Wir haben in Pirmasens einen großen Kreis von Armen oder ärmeren Menschen. Viele Pirmasenser Paare haben in der Schuhindustrie gearbeitet, in der schlecht entlohnt wurde. Eine Frau, die 45 Jahre Vollzeit in der Schuhindustrie gearbeitet hat, verfügte vor ca. 4 Jahren über eine Rente von 740 €. Durch die zwischenzeitlich erfolgten Erhöhungen ist diese Rente natürlich wie alle anderen auch etwas angestiegen. Sie sagt: Wenn ich nicht verheiratet wäre, könnte ich nicht leben. So gibt es selten Menschen, die eine großzügige Rente haben. Wenn nicht noch ein anderes Polster existiert, läuft das nicht. Noch heute haben wir in Pirmasens ein relativ niedriges Lohnniveau.
Der Seniorenbeirat hat sich klar zum gegenwärtigen politischen Rechtsruck und dem Migrationsgeschehen positioniert …
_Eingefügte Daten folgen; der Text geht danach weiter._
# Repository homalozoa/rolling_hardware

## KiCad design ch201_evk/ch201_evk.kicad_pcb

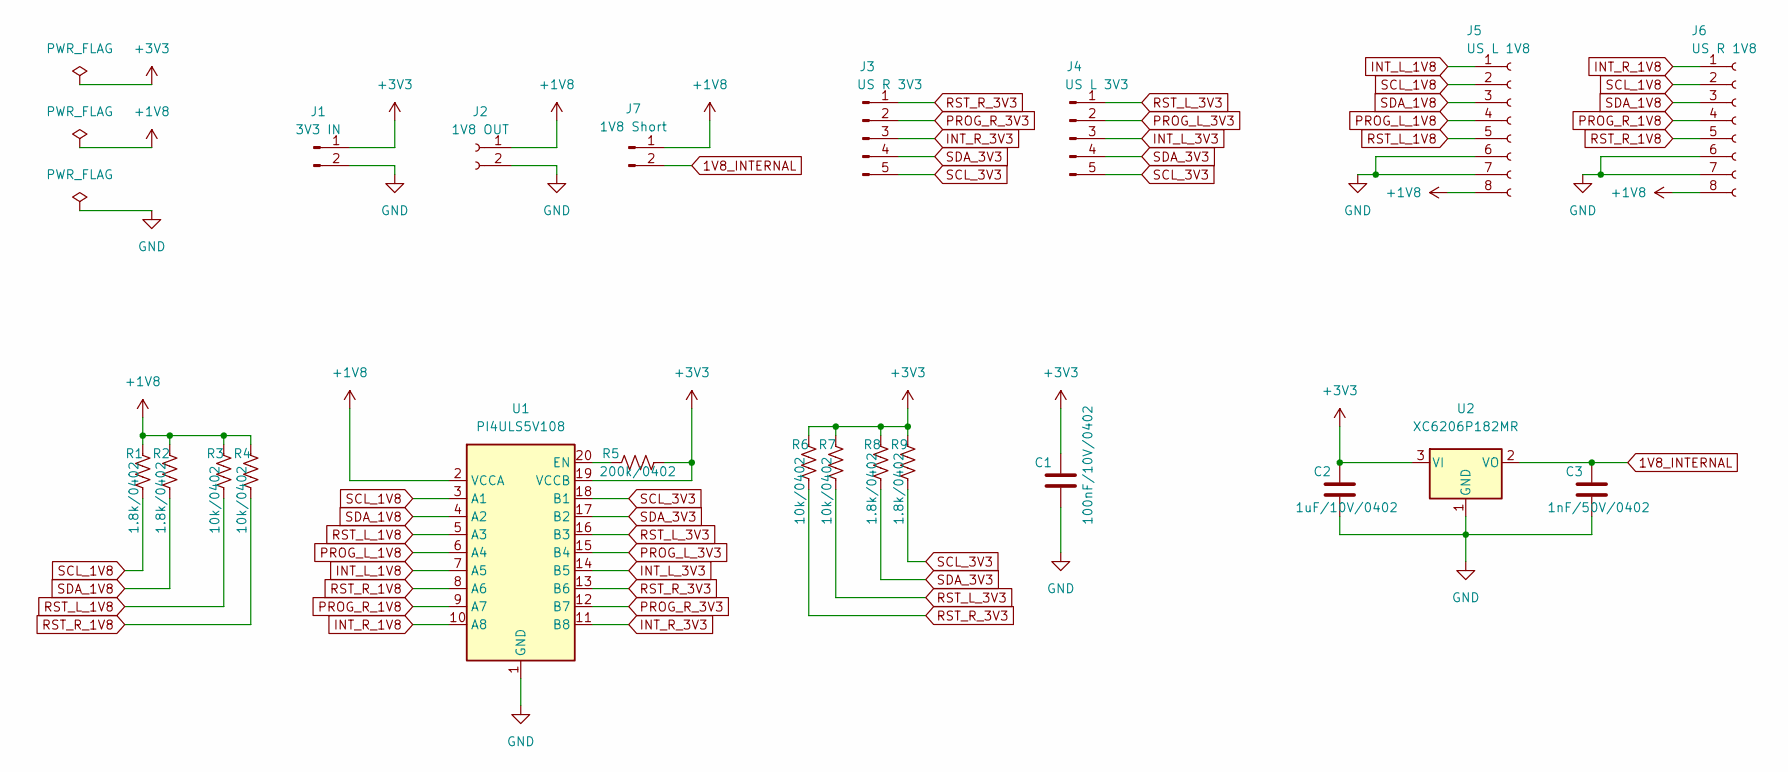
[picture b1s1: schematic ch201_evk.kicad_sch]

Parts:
C1: 100nF/10V/0402; C_0402_1005Metric
C2: 1uF/10V/0402; C_0402_1005Metric
C3: 1nF/50V/0402; C_0402_1005Metric
J1: 3V3 IN; PinHeader_1x02_P2.54mm_Vertical
J2: 1V8 OUT; PinHeader_1x02_P2.54mm_Vertical
J3: US R 3V3; PinHeader_1x05_P2.54mm_Vertical
J4: US L 3V3; PinHeader_1x05_P2.54mm_Vertical
J5: US L 1V8; MOLEX_5034800800
J6: US R 1V8; MOLEX_5034800800
J7: 1V8 Short; PinHeader_1x02_P2.54mm_Vertical
R1, R2, R8, R9: 1.8k/0402; R_0402_1005Metric
R3, R4, R6, R7: 10k/0402; R_0402_1005Metric
R5: 200k/0402; R_0402_1005Metric
U1: PI4ULS5V108; DHVQFN20_SOT764-1
U2: XC6206P182MR; SOT-23

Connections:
1V8_INTERNAL: C3.1, J7.2, U2.2 (VO)
+1V8: J2.1, J5.8, J6.8, J7.1, R1.1, R2.1, R3.1, R4.1, U1.2 (VCCA); also elsewhere on the board
+3V3: C1.1, C2.1, J1.1, R5.2, R6.1, R7.1, R8.1, R9.1, U1.19 (VCCB), U2.3 (VI)
GND: C1.2, C2.2, C3.2, J1.2, J2.2, J5.6, J5.7, J6.6, J6.7, U1.1 (GND), U2.1 (GND); also elsewhere on the board
INT_L_1V8: J5.1, U1.7 (A5); also elsewhere on the board
INT_L_3V3: J4.3, U1.14 (B5)
INT_R_1V8: J6.1, U1.10 (A8); also elsewhere on the board
INT_R_3V3: J3.3, U1.11 (B8)
unnamed: R5.1, U1.20 (EN)
PROG_L_1V8: J5.4, U1.6 (A4); also elsewhere on the board
PROG_L_3V3: J4.2, U1.15 (B4)
PROG_R_1V8: J6.4, U1.9 (A7); also elsewhere on the board
PROG_R_3V3: J3.2, U1.12 (B7)
RST_L_1V8: J5.5, R3.2, U1.5 (A3); also elsewhere on the board
RST_L_3V3: J4.1, R7.2, U1.16 (B3)
RST_R_1V8: J6.5, R4.2, U1.8 (A6); also elsewhere on the board
RST_R_3V3: J3.1, R6.2, U1.13 (B6)
SCL_1V8: J5.2, J6.2, R1.2, U1.3 (A1); also elsewhere on the board
SCL_3V3: J3.5, J4.5, R9.2, U1.18 (B1)
SDA_1V8: J5.3, J6.3, R2.2, U1.4 (A2); also elsewhere on the board
SDA_3V3: J3.4, J4.4, R8.2, U1.17 (B2)

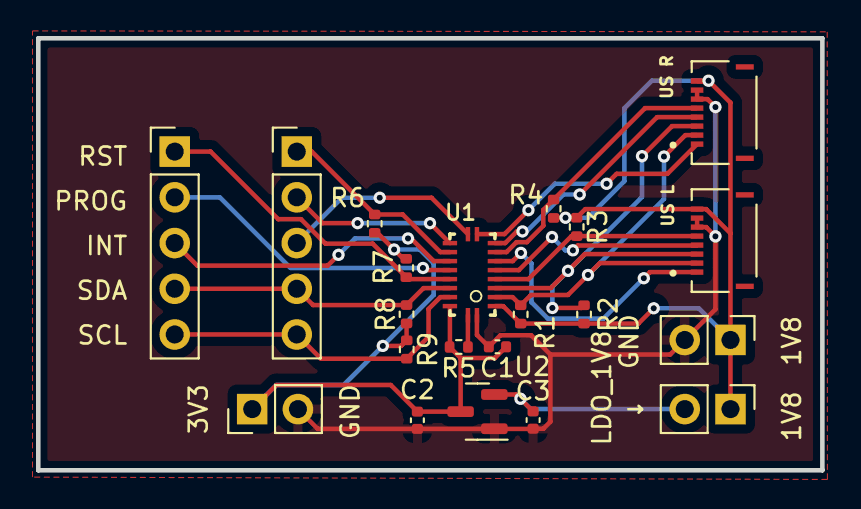
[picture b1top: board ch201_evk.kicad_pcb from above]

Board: 2 copper layers, 43.6 x 24.0 mm, 21 parts (0 on the bottom side), 21 nets.

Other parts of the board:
US L: US L 1V8; MOLEX_5034800800
US R: US R 1V8; MOLEX_5034800800

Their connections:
+1V8: US L.8, US R.8; also elsewhere on the board
GND: US L.6, US L.7, US R.6, US R.7; also elsewhere on the board
INT_L_1V8: US L.1; also elsewhere on the board
INT_R_1V8: US R.1; also elsewhere on the board
PROG_L_1V8: US L.4; also elsewhere on the board
PROG_R_1V8: US R.4; also elsewhere on the board
RST_L_1V8: US L.5; also elsewhere on the board
RST_R_1V8: US R.5; also elsewhere on the board
SCL_1V8: US L.2, US R.2; also elsewhere on the board
SDA_1V8: US L.3, US R.3; also elsewhere on the board

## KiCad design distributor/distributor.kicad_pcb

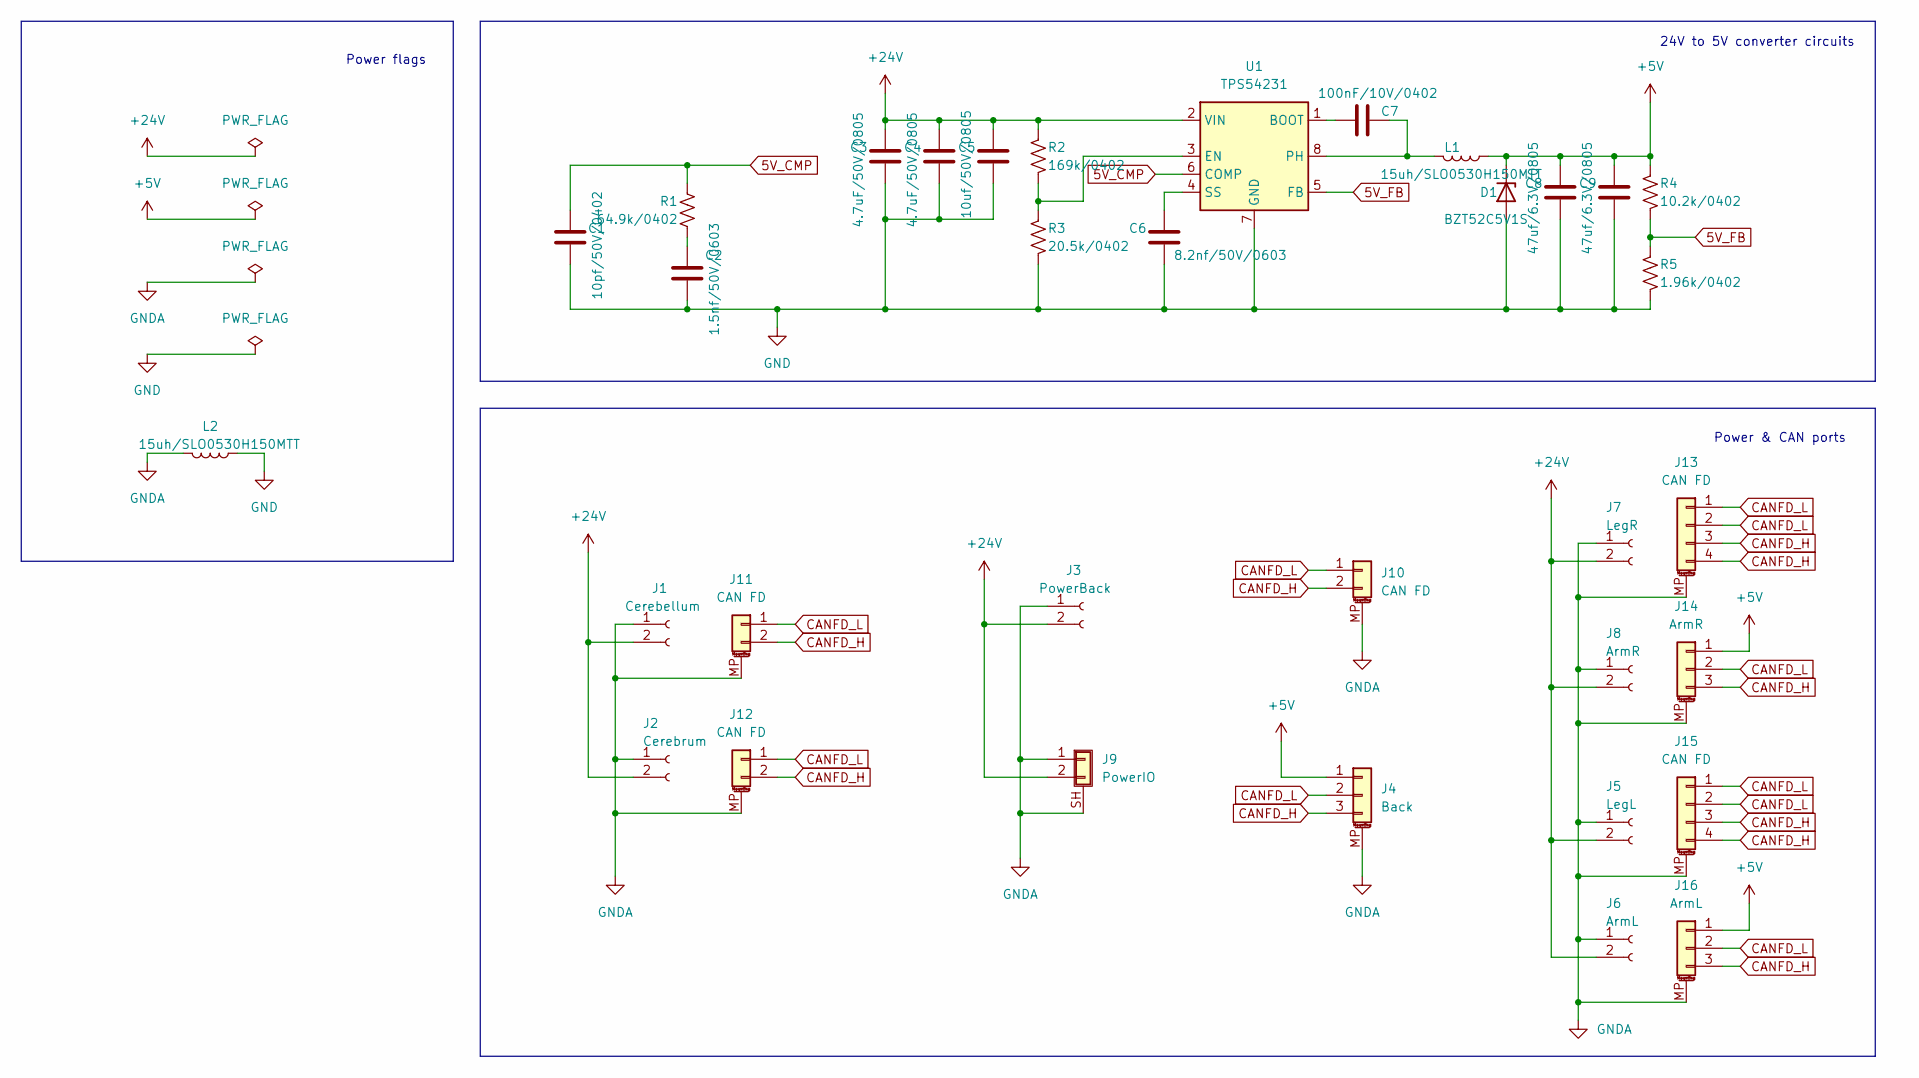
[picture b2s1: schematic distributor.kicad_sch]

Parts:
C1: 10pf/50V/0402; C_0402_1005Metric
C2: 1.5nf/50V/0603; C_0603_1608Metric
C3, C4: 4.7uF/50V/0805; C_0805_2012Metric
C5: 10uf/50V/0805; C_0805_2012Metric
C6: 8.2nf/50V/0603; C_0603_1608Metric
C7: 100nF/10V/0402; C_0402_1005Metric
C8, C9: 47uf/6.3V/0805; C_0805_2012Metric
D1: BZT52C5V1S; D_SOD-323
J1: Cerebellum; AMASS_XT30PW-M_1x02_P2.50mm_Horizontal
J2: Cerebrum; AMASS_XT30PW-M_1x02_P2.50mm_Horizontal
J3: PowerBack; AMASS_XT30PW-M_1x02_P2.50mm_Horizontal
J4: Back; JST_GH_SM03B-GHS-TB_1x03-1MP_P1.25mm_Horizontal
J5: LegL; AMASS_XT30PW-M_1x02_P2.50mm_Horizontal
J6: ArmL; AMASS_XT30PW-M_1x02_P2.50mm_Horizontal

Senioren oder ihre Eltern haben häufig noch Kriegserfahrung gemacht. Sie waren selbst auf der Flucht, mussten dort, wo sie ankamen, aber für Unterkunft und Essen arbeiten. Daher haben wir Verständnis für Flüchtlinge. Wir möchten aber, dass sie – wie das auch für gesunde, arbeitsfähige Einheimische der Fall sein sollte – durch Aufnahme gemeinnütziger oder regulärer Arbeit eine Gegenleistung erbringen. In Thüringen wurde das schon umgesetzt. Es ist doch auch für die Gemeinschaft von Pirmasens besser, wenn wir alle zusammenhalten. Das hilft auch der Integration und dem Verständnis. Daher sind wir auch an der Ansprache der Älteren mit Migrationshintergrund interessiert, zusammen mit dem Migrationsbeirat. Darum kümmert sich ein Mitglied von uns, eine inzwischen über 80-jährige türkischstämmige Frau.
Haben Sie einen Wunsch für die Zukunft der Stadt?
Pirmasens ist eine kleine Stadt. Die Leute kennen sich meist noch untereinander. Neu hinzugekommene Leute kapseln sich aber verstärkt ab. Ich würde mir wünschen, dass es ein friedvolles Miteinander gibt und bleibt, dass man nicht das Eine gegen das Andere ausspielt und dass man die Ansicht des jeweils anderen versteht.